Pier Paolo Pasolini, la verità si dice facendola

pasolini (1)Si scrive troppo, su Pier Paolo Pasolini. Si scrive troppo in generale, e ancora di più su Pier Paolo Pasolini. D’altronde, a chi non piace, Pasolini? A chi non piace il profeta, quello che sapeva i nomi, quello che aveva anticipato Berlusconi e Matteo Renzi, quello che non si piegava mai—quello che, come ricorda un bell’articolo di Wu Ming 1 su Internazionale, veniva perseguitato quotidianamente dalla stampa di destra ma anche da quella “illuminata e di sinistra”? Piace a tutti, Pasolini, e ormai è diventato un’iconcina pop buona per tutte le occasioni, lo troviamo in edicola e in libreria, nelle retrospettive delle cineteche comunali e sui muri del Pigneto gentrificato dagli hipster.

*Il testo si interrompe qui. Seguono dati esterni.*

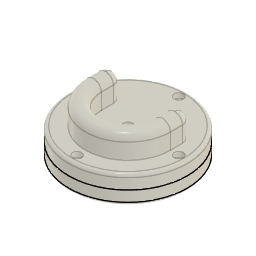
Spool Rod Holder (Autodesk Fusion 360 design; units mm, degrees)
Autodesk Fusion 360 part; units mm, degrees
sketch "Sketch1" plane through (0, 0, 0) normal (0, 0, 1) x (1, 0, 0) in component "Internal Rod Holder"
  circle A0 centre (0, 0) radius 16.875
  circle A1 centre (0, 0) radius 26.875
  line L0 (0, 16.875) -> (30, 16.875) construction
  line L1 (0, 16.875) -> (-30, 16.875) construction
  line L2 (-21.5932, 16) -> (-11.5932, 16)
  line L3 (-11.5932, 16) -> (-11.5932, 16.875)
  line L4 (-11.5932, 16.875) -> (-21.5932, 16.875)
  line L5 (-21.5932, 16.875) -> (-21.5932, 16)
  line L6 (5.3634, 16) -> (15.3634, 16)
  line L7 (15.3634, 16) -> (15.3634, 16.875)
  line L8 (15.3634, 16.875) -> (5.3634, 16.875)
  line L9 (5.3634, 16.875) -> (5.3634, 16)
  circle A2 centre (0, 0) radius 37.5
  line L10 (-33.9153, 16) -> (33.9153, 16)
  line L11 (-33.9153, 16) -> (-21.5932, 16)
  line L12 (15.3634, 16) -> (33.9153, 16)
  line L13 (0.0001, -26.875) -> (0.0001, -37.5)
  line L14 (0.0001, 26.875) -> (0.0001, 37.5)
  line L15 (-26.875, 0) -> (-37.5, 0)
  line L16 (26.875, 0) -> (37.5, 0)
  point P0 (-32, 16)
  point P1 (0.0001, 32.1875)
  point P2 (24.6393, 16)
  point P3 (-32.1875, 0)
  point P4 (32.1875, 0)
  point P5 (0.0001, -32.1875)
  dimension "d2" = 33.75
  dimension "d3" = 53.75
  dimension "d4" = 10
  dimension "d5" = 10
  dimension "d6" = 75
  dimension "d28" = 10.625
  constraint coincident A0.centre A1.centre
  constraint concentric A0 A1
  constraint coincident A0 L0.start
  constraint tangent A0 L0
  constraint horizontal L0
  constraint tangent A0 L1
  constraint horizontal L2
  constraint vertical L3
  constraint horizontal L4
  constraint vertical L5
  constraint coincident A1 L2.start
  constraint horizontal L6
  constraint vertical L7
  constraint horizontal L8
  constraint vertical L9
  constraint coincident A0 L6.start
  constraint concentric A1 A2
  constraint coincident A2 L10.start
  constraint coincident A2 L10.end
  constraint parallel L6 L10
  constraint coincident L10 P0
  constraint perpendicular L5 L11
  constraint perpendicular L7 L12
  constraint coincident A1 L13.start
  constraint coincident A2 L13.end
  constraint perpendicular L0 L13
  constraint coincident A1 L14.start
  constraint coincident A2 L14.end
  constraint parallel L13 L14
  constraint midpoint L14 P1
  constraint midpoint L12 P2
  constraint coincident A1 L15.start
  constraint coincident A2 L15.end
  constraint horizontal L15
  constraint coincident A1 L16.start
  constraint coincident A2 L16.end
  constraint parallel L15 L16
  constraint midpoint L15 P3
  constraint midpoint L16 P4
  constraint horizontal P3 P4
  constraint midpoint L13 P5
  measures "d2" diameter of A0
  measures "d3" diameter of A1
  measures "d4" distance of L2.start L2.end
  measures "d5" distance of L6.start L6.end
  measures "d6" diameter of A2
  measures "d28" distance of A1 A2
cylinder "CylinderPrimitive1" add diameter 75 height 8.75 placed x (1, 0, 0) y (0, 1, 0) z (0, 0, 1) at (0, 0, 0) makes body 1 in component "Internal Rod Holder"
cylinder "CylinderPrimitive2" add diameter 53.75 height 15 placed x (1, 0, 0) y (0, 1, 0) z (0, 0, 1) at (0, 0, 8.75) bodies 1 in component "Internal Rod Holder"
box "BoxPrimitive1" cut length 27.0154 width 53.75 height -15 placed x (0, 1, 0) y (-1, 0, 0) z (0, 0, 1) at (26.875, 0, 23.75) bodies 1 in component "Internal Rod Holder"
cylinder "CylinderPrimitive3" cut diameter 33.75 height 15 placed x (1, 0, 0) y (0, 1, 0) z (0, 0, 1) at (0, 0, 8.75) bodies 1 in component "Internal Rod Holder"
box "BoxPrimitive2" add length 12.656 width 10 height 15 placed x (0, 1, 0) y (-1, 0, 0) z (0, 0, 1) at (-16.875, 0, 8.75) bodies 1 in component "Internal Rod Holder"
box "BoxPrimitive3" add length 12.656 width 10 height 15 placed x (0, 1, 0) y (-1, 0, 0) z (0, 0, 1) at (26.875, 0, 8.75) bodies 1 in component "Internal Rod Holder"
sketch "Sketch8" plane through (0, 0, 8.75) normal (0, 0, 1) x (-1, 0, 0) in component "Internal Rod Holder"
  line L0 (-16.875, 0) -> (-16.875, -12.656)
  line L1 (-16.875, -12.656) -> (-26.875, -12.656)
  line L2 (-26.875, -12.656) -> (-26.875, 0)
  arc A0 (26.875, 0) -> (-26.875, 0) centre (0, 0) ccw
  line L3 (26.875, 0) -> (26.875, -12.656)
  line L4 (26.875, -12.656) -> (16.875, -12.656)
  line L5 (16.875, -12.656) -> (16.875, 0)
  arc A1 (16.875, 0) -> (-16.875, 0) centre (0, 0) ccw
  circle A2 centre (0, 0) radius 37.5
  point P0 (32.1875, 0)
  point P1 (32.1875, 0)
  point P2 (-0.0001, 32.1875)
  point P3 (-0.0001, 32.1875)
  point P4 (-32.1875, 0)
  point P5 (-32.1875, 0)
  point P6 (-0.0001, -32.1875)
  point P7 (-0.0001, -32.1875)
  constraint coincident P1 P0
  constraint coincident P3 P2
  constraint coincident P5 P4
  constraint coincident P7 P6
  constraint coincident A0.centre A1.centre
hole "Hole1" at (0.0001, -32.1875, 8.75) at (32.1875, 0, 8.75) at (0.0001, 32.1875, 8.75) at (0, 0, 8.75) at (-32.1875, 0, 8.75) direction (0, 0, -1) diameter 3.1 depth 25 tip angle 180 counterbore diameter 5.75 counterbore depth 3.2 bodies 1 in component "Internal Rod Holder"
cylinder "CylinderPrimitive4" add diameter 75 height -8.75 placed x (1, 0, 0) y (0, 1, 0) z (0, 0, 1) at (0, 0, 0) separate body makes body 2 in component "Internal Rod Holder"
copy_body "CutPasteBodies1" bodies 2 removing the originals makes body 3 in component "External Mount"
sketch "Sketch2" plane through (0, 0, -8.75) normal (0, 0, -1) x (1, 0, 0) in component "External Mount"
  circle A0 centre (0, 0) radius 37.5
  line L0 (-1.6558, 2.8773) -> (-3.3198, 0.0047)
  line L1 (-3.3198, 0.0047) -> (-1.6639, -2.8727)
  line L2 (-1.6639, -2.8727) -> (1.6558, -2.8773)
  line L3 (1.6558, -2.8773) -> (3.3198, -0.0047)
  line L4 (3.3198, -0.0047) -> (1.6639, 2.8727)
  line L5 (1.6639, 2.8727) -> (-1.6558, 2.8773)
  line L6 (1.66, 29.3125) -> (3.3199, 32.1875)
  line L7 (3.3199, 32.1875) -> (1.66, 35.0625)
  line L8 (1.66, 35.0625) -> (-1.6598, 35.0625)
  line L9 (-1.6598, 35.0625) -> (-3.3197, 32.1875)
  line L10 (-3.3197, 32.1875) -> (-1.6598, 29.3125)
  line L11 (-1.6598, 29.3125) -> (1.66, 29.3125)
  line L12 (-1.6598, -29.3125) -> (-3.3197, -32.1875)
  line L13 (-3.3197, -32.1875) -> (-1.6598, -35.0625)
  line L14 (-1.6598, -35.0625) -> (1.66, -35.0625)
  line L15 (1.66, -35.0625) -> (3.3199, -32.1875)
  line L16 (3.3199, -32.1875) -> (1.66, -29.3125)
  line L17 (1.66, -29.3125) -> (-1.6598, -29.3125)
  line L18 (-32.1876, -3.3198) -> (-29.3125, -1.66)
  line L19 (-29.3125, -1.66) -> (-29.3125, 1.6598)
  line L20 (-29.3125, 1.6598) -> (-32.1874, 3.3198)
  line L21 (-32.1874, 3.3198) -> (-35.0625, 1.66)
  line L22 (-35.0625, 1.66) -> (-35.0625, -1.6598)
  line L23 (-35.0625, -1.6598) -> (-32.1876, -3.3198)
  line L24 (32.1832, 3.3198) -> (29.3104, 1.6562)
  line L25 (29.3104, 1.6562) -> (29.3146, -1.6636)
  line L26 (29.3146, -1.6636) -> (32.1918, -3.3198)
  line L27 (32.1918, -3.3198) -> (35.0646, -1.6562)
  line L28 (35.0646, -1.6562) -> (35.0604, 1.6636)
  line L29 (35.0604, 1.6636) -> (32.1832, 3.3198)
  point P0 (32.1875, 0)
  point P1 (32.1875, 0)
  point P2 (-32.1875, 0)
  point P3 (-32.1875, 0)
  point P4 (0.0001, -32.1875)
  point P5 (0.0001, -32.1875)
  point P6 (0.0001, 32.1875)
  point P7 (0.0001, 32.1875)
  point P8 (0.0001, 32.1875)
  point P9 (0.0001, -32.1875)
  point P10 (-32.1875, 0)
  point P11 (32.1875, 0)
  dimension "d36" = 2.875
  dimension "d37" = 2.875
  dimension "d38" = 2.875
  dimension "d39" = 2.875
  dimension "d40" = 2.875
  constraint coincident P11 P1
  constraint coincident P10 P3
  constraint coincident A0.centre origin
  constraint coincident P9 P5
  constraint coincident P8 P7
  measures "d36" distance of A0.centre L5
  measures "d37" distance of P8 L11
  measures "d38" distance of P9 L17
  measures "d39" distance of P10 L23
  measures "d40" distance of P11 L29
extrude "Extrude1" cut sketch "Sketch2" against normal blind 3 contours L0 L1 L2 L3 L4 L5 | L6 L7 L8 L9 L10 L11 | L12 L13 L14 L15 L16 L17 | L18 L19 L20 L21 L22 L23 | L24 L25 L26 L27 L28 L29 bodies 3 in component "External Mount"
hole "Hole1'" at (-32.1875, 0, 0) at (0.0001, -32.1875, 0) at (0, 0, 0) at (32.1875, 0, 0) at (0.0001, 32.1875, 0) direction (0, 0, -1) diameter 3.1 depth 8.75 tip angle 180 bodies 3 in component "External Mount"
fillet "Fillet1" chord length 2.828 1 edges at (-13.5606, -34.9623, -8.75) on bodies 3 in component "External Mount"
fillet "Fillet1'" chord length 2.828 1 edges at (-34.9623, -13.5606, 8.75) on bodies 1 in component "Internal Rod Holder"
fillet "Fillet2" radius 5 12 edges at (-26.875, 6.328, 23.75) (0, -26.875, 23.75) (26.875, 6.328, 23.75) (21.875, 12.656, 23.75) (-21.875, 12.656, 23.75) (16.875, 6.328, 23.75) (0, -16.875, 23.75) (-16.875, 6.328, 23.75) (-26.875, 12.656, 16.25) (16.875, 12.656, 16.25) (26.875, 12.656, 16.25) (-16.875, 12.656, 16.25) on bodies 1 in component "Internal Rod Holder"
component "External Mount" placed x (1, 0, 0) y (0, 1, 0) z (0, 0, 1) at (0, 0, 0)
component "Internal Rod Holder" placed x (1, 0, 0) y (0, 1, 0) z (0, 0, 1) at (0, 0, 0)

Lo troviamo sulle magliette, travestito da Capitan America che dice IO SO I NOMI, come se i nomi non li sapessero tutti, da tempo, e amen. A far problema, però, non sono i gadget o l’apericena—il problema non è il dito, il problema è la luna. Il problema è che si scrive troppo su Pasolini perché le parole su Pasolini (incluse queste) sono tanto diverse dalle parole che Pasolini diceva, scriveva, professava. Anche Pier Paolo Pasolini scriveva tanto, forse troppo, ma le sue parole erano profondamente diverse dalla massa di chiacchiere che ascoltiamo e leggiamo oggi. Erano diverse perché Pasolini, a suo modo, diceva la verità. E allora il modo migliore per ricordare Pier Paolo Pasolini a quarant’anni dal suo assassinio è quello di porsi una domanda semplice semplice: che cosa vuol dire “dire la verità”?

Prendiamola larga. Al di là dei suoi film lenti e difficili e delle faticose poesie, ci piace il Pasolini corsaro e luterano proprio per la sua denuncia, la vox clamans contro il Palazzo, i potenti e la corruzione, l’illustrazione stentorea di un grande processo da catarsi all’italiana davanti agli occhietti di un Enzo Biagi in bianco e nero. Ci piace Pier Paolo Pasolini profeta perché, appunto, è quello che “dice la verità”, una verità paradossalmente valida anche oggi, a quarant’anni dal suo assassinio. L’altro lato, il lato inquietante di Pasolini, viene lasciato da parte. Non parlo, sia chiaro, del lato “oscuro” o presunto tale della sua “vita privata”, le storielle che chiunque lo abbia conosciuto, o anche solo incrociato, si sente in dovere di raccontare, ancora, dopo quarant’anni—“Eh sai, dopo l’incontro Pier Paolo mi chiese dov’erano… insomma hai capito chi… ecco, insomma, poi se ne andò nella notte e non l’ho più visto… d’altronde lui era così”. E giù un altro spritz. Il lato inquietante è fatto delle tante parole con cui Pier Paolo Pasolini immagina un’alternativa all’Italia “degenerata, ridicola, mostruosa, criminale” del boom economico.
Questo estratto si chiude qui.